Thursday, I had an appointment with my OB. I had decided earlier this week (when I remembered my appointment) that since it was spring break, I would not dump my three children on someone else who already had all their children home for the week. I mean, the appointments are under five minutes long, right? And my kids are relatively well-behaved, right? And it just seems ridiculous to drop my kids off at a friend's house just to pick them up 10 minutes later after a weigh-in and heartbeat-check. I'm going to go ahead and admit now that this line of reasoning was a huge mistake.

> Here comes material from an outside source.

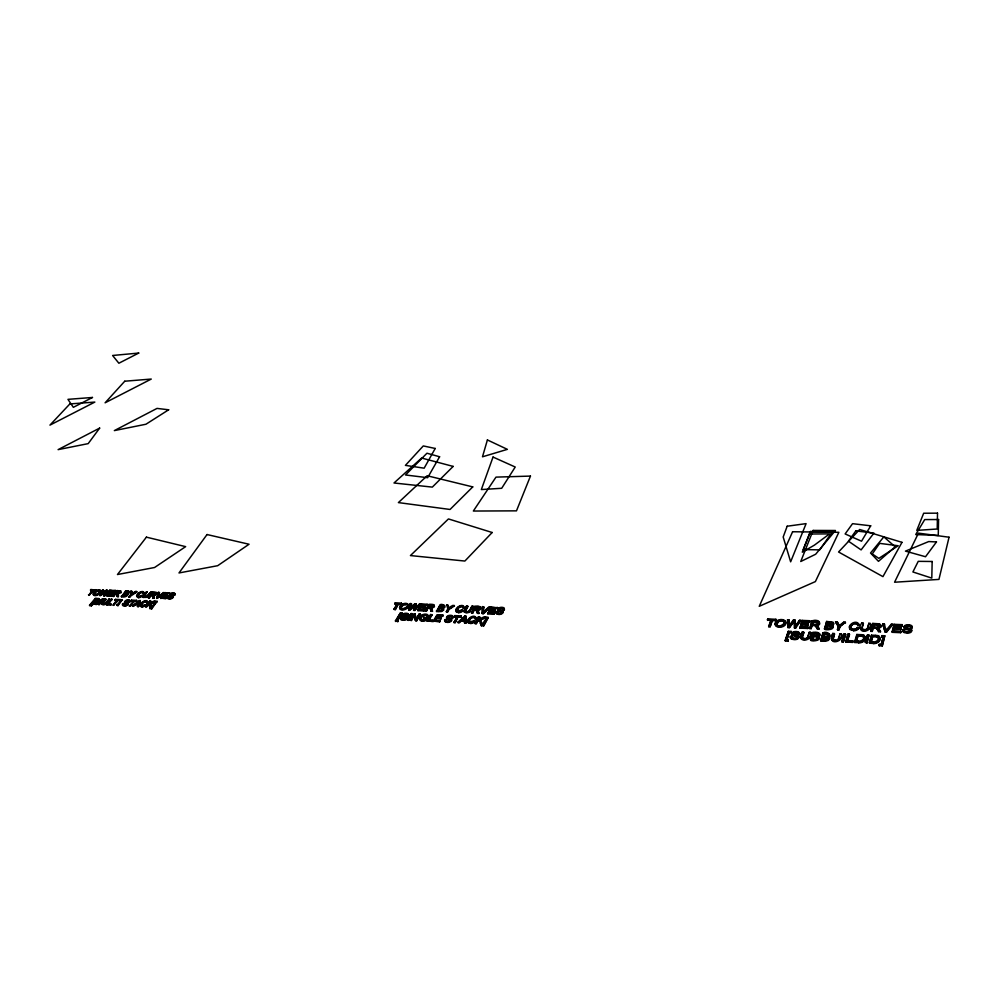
<?xml version="1.0" encoding="UTF-8"?>
<svg xmlns="http://www.w3.org/2000/svg" width="999" height="999" viewBox="0 0 999 999"><rect width="100%" height="100%" fill="white"/><g stroke="black" fill="none" stroke-linecap="round" stroke-linejoin="round"><path stroke-width="1.5" d="M451.286 620.067A2.622 1.561 -21.9 0 1 450.349 620.991A2.722 1.623 -21.9 0 1 449.275 621.515L449.075 621.578A3.521 2.098 -21.8 0 1 446.441 621.266L446.191 621.091A1.711 1.024 -21.9 0 1 446.053 620.791L445.954 619.492L444.805 619.667A3.084 1.836 -21.9 0 0 445.254 621.403L447.14 621.803M794.105 622.402L794.018 621.628L789.385 627.659L787.986 627.584L787.537 619.78L788.948 619.83L788.848 625.886L793.406 620.029L795.067 620.092L795.216 620.754L793.568 620.679L789.922 625.349M789.073 625.162L788.948 619.83M130.807 591.158L130.981 594.867L130.807 591.158L132.093 591.72L131.918 594.255L131.818 591.196M465.896 623.201L465.884 616.133L464.697 616.071L457.879 622.215L459.278 622.864L461.288 621.003L464.76 621.166L464.635 623.139L465.896 623.201L465.884 616.133M117.407 595.167L117.295 596.603L118.332 596.653L118.444 595.154A5.819 2.872 -28.1 0 0 118.357 594.405M152.772 595.516A3.022 1.523 -27.6 0 1 152.785 595.953L153.059 598.214L154.121 598.264L153.908 596.216A5.882 2.972 -27.7 0 0 153.796 595.454M154.121 598.264L154.196 596.74A5.882 2.972 -27.7 0 0 154.071 595.978M128.247 592.057L124.588 593.206L128.421 592.332M128.521 592.582L128.958 591.246L125.612 590.933L121.491 596.79C127.947 598.339 130.881 591.196 124.863 593.731M904.47 627.996A2.785 1.773 -6.7 0 1 904.757 625.649A2.847 1.811 -6.7 0 1 905.643 625.162L906.343 624.962A5.507 3.509 -6.7 0 1 908.178 624.8A7.218 4.595 -6.7 0 1 909.065 624.85L909.614 624.924A5.007 3.184 -6.7 0 1 910.589 625.162L911.001 625.324A3.122 1.986 -6.6 0 1 911.75 625.861A3.472 2.21 -6.6 0 1 912.087 627.172L912.224 627.859L910.776 627.872L910.489 626.435A1.961 1.249 -6.6 0 0 909.827 625.923L908.603 625.674A6.269 3.996 -6.7 0 0 907.654 625.649L906.63 625.774A1.798 1.136 -6.7 0 0 906.081 625.973L905.793 626.136A1.548 0.987 -6.7 0 0 905.394 626.835A1.274 0.812 -6.7 0 0 905.594 627.247L911.188 629.095A2.785 1.773 -6.6 0 1 911.625 630.107A2.785 1.773 -6.6 0 1 911.75 630.794A3.297 2.11 -6.6 0 1 909.664 632.829L909.452 632.854A5.195 3.309 -6.6 0 1 906.955 633.091L904.245 632.604A3.746 2.385 -6.7 0 1 902.809 630.581L902.709 629.72L904.132 629.695L904.42 631.206A2.085 1.324 -6.7 0 0 904.744 631.568L905.131 631.793M910.776 627.872L910.688 627.247A1.961 1.249 -6.6 0 0 909.952 626.61L908.728 626.361A6.256 3.996 -6.6 0 0 907.791 626.336L906.767 626.46A1.798 1.136 -6.7 0 0 906.205 626.66L905.931 626.823A1.399 0.899 -6.7 0 0 905.594 627.222A1.548 0.987 -6.7 0 0 905.531 627.522A1.274 0.812 -6.7 0 0 905.656 627.859M405.919 617.882A1.299 0.762 -23 0 1 405.007 619.168L404.533 619.355A3.459 2.023 -23 0 1 401.973 619.093L401.748 618.93A1.686 0.987 -23 0 1 401.623 618.631L401.536 617.357L400.424 617.532A3.034 1.773 -23 0 0 400.799 619.23L402.597 619.63A4.208 2.46 -23 0 0 404.483 619.405L404.682 619.343A2.685 1.573 -23 0 0 405.744 618.831A2.585 1.511 -23 0 0 406.68 617.919M484.115 611.326L488.923 606.88L490.284 607.529L483.479 613.648L482.342 613.598L482.43 606.605L483.841 607.255L483.079 612.337L483.616 606.655M482.342 613.598L482.43 606.605M153.059 598.214L153.122 596.503A3.022 1.523 -27.6 0 0 153.047 596.041M499.163 609.902L499.175 609.677A1.286 0.774 -20.3 0 1 499.313 609.415L499.937 608.94A1.486 0.899 -20.3 0 1 500.412 608.753L501.223 608.653A5.207 3.134 -20.3 0 1 501.948 608.666L502.809 608.878A1.636 0.987 -20.3 0 1 503.184 609.303L504.208 609.939A2.885 1.736 -20.3 0 0 504.308 608.816A2.597 1.561 -20.3 0 0 503.871 608.354L503.596 608.216A4.158 2.51 -20.3 0 0 502.922 608.016L502.509 607.954A5.994 3.609 -20.3 0 0 501.86 607.916A4.57 2.747 -20.3 0 0 500.399 608.066L499.825 608.241A2.31 1.386 -20.3 0 0 498.726 608.853M904.132 629.695L904.282 630.531A2.085 1.324 -6.7 0 0 904.607 630.881L904.994 631.118A4.283 2.722 -6.7 0 0 908.703 631.38L909.29 631.218A1.611 1.024 -6.6 0 0 909.864 629.645L909.377 629.42A4.246 2.71 -6.6 0 0 908.803 629.233L908.615 629.195A32.667 21.179 -6.8 0 0 907.529 628.945L905.469 628.446A3.946 2.51 -6.7 0 1 904.794 628.159L904.507 627.971M464.635 623.139L464.535 620.579L461.063 620.404L459.053 622.277L457.879 622.215M464.86 619.917L465.034 617.869M118.332 596.653L118.169 594.63A5.819 2.872 -28.1 0 0 118.082 593.893M117.295 596.603L117.133 594.405A2.985 1.474 -28.1 0 0 117.083 593.955M828.034 638.823L822.202 639.348L823.014 636.85C828.533 636.525 829.395 639.185 823.176 637.524L823.014 636.85M407.417 605.906C408.691 607.017 396.603 612.187 402.597 604.857A2.46 1.424 -22.8 0 1 403.296 604.432C407.53 603.533 408.241 605.207 403.534 605.007A2.46 1.424 -22.8 0 0 402.847 605.431L401.136 607.792L402.098 609.303M464.847 616.97L464.585 619.88L461.775 619.742L462 620.342M126.873 594.942L127.447 594.08M456.143 609.852L458.279 607.28A2.897 1.711 -21.4 0 1 461.463 606.268A2.897 1.711 -21.4 0 1 463.024 607.692L464.348 608.154C463.648 600.749 450.362 610.851 458.341 612.037M797.664 632.355A4.77 3.072 -10.4 0 1 798.326 632.542L798.688 632.704A2.972 1.923 -10.4 0 1 799.35 633.241A3.309 2.135 -10.4 0 1 799.562 634.515L798.213 634.527L797.964 633.129A1.873 1.199 -10.4 0 0 797.377 632.629L796.253 632.392A5.969 3.846 -10.5 0 0 795.366 632.355L794.392 632.479A1.711 1.099 -10.5 0 0 793.855 632.667L793.568 632.829A1.336 0.862 -10.5 0 0 793.218 633.216A1.474 0.949 -10.5 0 0 793.131 633.516L798.388 635.739A2.66 1.711 -10.4 0 1 798.725 636.725A3.147 2.023 -10.4 0 1 798.651 637A3.047 1.961 -10.4 0 1 797.801 638.061A3.147 2.023 -10.4 0 1 796.59 638.698M798.213 634.527L798.064 633.691A1.873 1.199 -10.4 0 0 797.539 633.291L796.415 633.054A5.969 3.846 -10.5 0 0 795.529 633.016L794.555 633.141A1.711 1.099 -10.5 0 0 794.005 633.329L793.73 633.491A1.336 0.862 -10.5 0 0 793.381 633.878A1.474 0.949 -10.5 0 0 793.293 634.178L793.943 634.852M794.018 638.973L791.508 638.486A3.571 2.298 -10.5 0 1 790.334 636.5L791.707 636.301L791.782 637.112A1.986 1.286 -10.5 0 0 792.057 637.462L792.407 637.687M791.707 636.301L791.945 637.774M831.63 626.673L830.756 625.611L826.835 625.337L826.036 627.797C830.481 629.333 835.002 625.362 826.985 625.998L826.385 627.847M476.086 618.381L474.887 618.518L476.311 618.98C475.561 611.425 462.087 621.678 470.254 622.939M476.311 618.98L475.362 617.232L472.102 617.195M131.631 593.793L135.589 591.358L136.838 591.92L129.121 597.14L130.694 594.343M464.348 608.154L462.987 606.318M464.123 607.567L462.937 607.704M902.709 629.72L902.671 629.894A3.746 2.385 -6.7 0 0 904.095 631.942L906.83 632.417M483.479 613.648L483.316 612.874M427.997 616.071C427.934 614.073 429.108 617.894 427.135 616.895L426.898 616.308L428.234 616.658M831.668 638.511C831.618 645.054 843.943 640.709 841.583 634.427L839.997 633.691L838.685 637.899A8.279 5.332 -9.2 0 1 838.236 638.923L837.624 639.597A1.586 1.024 -8.9 0 1 837.312 639.772A3.571 2.31 -9 0 1 834.939 640.022M411.351 603.583L409.665 608.866L414.747 603.721L416.009 603.783L415.259 606.893A24.825 14.361 -23.2 0 1 414.56 609.078L419.393 603.92L420.442 603.97L414.785 610.539L413.536 609.914L414.897 604.482L409.702 609.74L408.628 609.69L410.289 603.533L411.588 604.158L410.114 608.891M416.009 603.783L415.497 607.479A24.813 14.361 -23.2 0 1 415.084 608.878M413.773 610.489L415.134 605.057M790.371 636.313L790.484 637.162A3.571 2.298 -10.5 0 0 791.658 639.16L794.18 639.635A4.945 3.197 -10.4 0 0 796.553 639.397L796.79 639.31A3.159 2.035 -10.4 0 0 797.964 638.723A3.034 1.961 -10.4 0 0 798.825 637.662A3.147 2.035 -10.4 0 0 798.888 637.387A2.66 1.711 -10.4 0 0 798.551 636.388L795.828 635.339M860.639 627.921C860.364 634.54 873.001 630.394 870.504 623.975L868.918 623.239L867.681 627.422A8.317 5.32 -8.3 0 1 867.257 628.433L866.657 629.108A1.598 1.024 -8.1 0 1 866.345 629.283M456.031 610.164L456.356 612L458.578 612.624M415.084 605.107L409.94 610.314L408.878 610.277L410.289 603.533M902.159 626.211L902.022 625.524L895.441 625.249L895.579 625.923L902.159 626.211L902.259 624.662L894.205 624.325L892.169 631.63L892.307 632.317L900.648 632.692L900.761 631.143L893.893 630.831L894.58 628.334L900.761 628.608L900.886 629.295L894.717 629.02L894.58 628.334M900.761 628.608L900.998 627.747L894.817 627.484L895.441 625.249M900.886 629.295L900.998 627.747M902.022 625.524L902.259 624.662M900.761 631.143L900.648 632.692M895.579 625.923L894.954 628.159L894.817 627.484M892.307 632.317L894.205 624.325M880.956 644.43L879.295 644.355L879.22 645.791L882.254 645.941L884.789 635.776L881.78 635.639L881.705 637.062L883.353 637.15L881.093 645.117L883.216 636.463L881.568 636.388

First, we got behind a little this morning. I realized at 9:00 that we needed to leave in 15 minutes, but I was still getting Bella dressed, Naomi's hair was not yet done, and I was in my pajamas. When I am heading out the door with all three of my children, I usually like to make sure we are all well-groomed, since I like to appear to be a mother that is capable of handling her brood. And especially at the doctor's office, I need to look like three children is not a big deal, since I will soon be caring for four. I made some quick decisions, foregoing a shower, applying extra deodorant, mascara, and bronzer,
We were called back to the examination room, and the nurse raised her eyebrows at my entourage. I apologized, explaining again about spring break, and we did our weigh-in (lovely, isn't it?) and blood pressure. Bella is crying now, because she is now very clear on the association of doctor's offices and shots. VERY CLEAR. She keeps covering her mouth and saying "I scared" between sobs. After the nurse leaves, however, my little monster decides that she will probably escape this horrible situation unscathed and begins to investigate the room. I decide that I need to get everyone arranged before the doctor arrives, so I set her on my chair, with her favorite baby doll, and I talk to the big girls about the fort in the corner of the room. (It's a small dressing area with a curtain.) I am getting Olivia and Mimi set up in the fort with their Barbies (a 5-second procedure) when I hear a drawer slam open and I turn around to find Annabel, one hand in the speculum-SPECULUM!-drawer of the examination table and one hand around a bottle of clear solution which she is guzzling as fast as she can. I gasp and run to figure out what she is drinking. The bottle is unlabeled. It smells of nothing, but it looks suspiciously like a specimen jar. And I'm faced with a dilemma. Do I assume it's innocuous and simply return it to the drawer? Or do I have to face the nurse and 'fess up because that bottle could be anything? I decide I have to tell, so I shamefacedly slink out of the room. I babble that I really was watching the baby, but she got in a drawer and she drank some of . .. whatever it is and I'm sorry and is it a problem? She informs me that it's only water, "warm water for the speculums" and that it's not a big deal, and she walks back into the room with me and replaces the bottle in the drawer and shuts it. (If I'd only known. I can put a bottle back in a drawer and I could have saved myself the humiliation.) Then she says, (kindly, but firmly) "We really can't have the kids playing in the drawers."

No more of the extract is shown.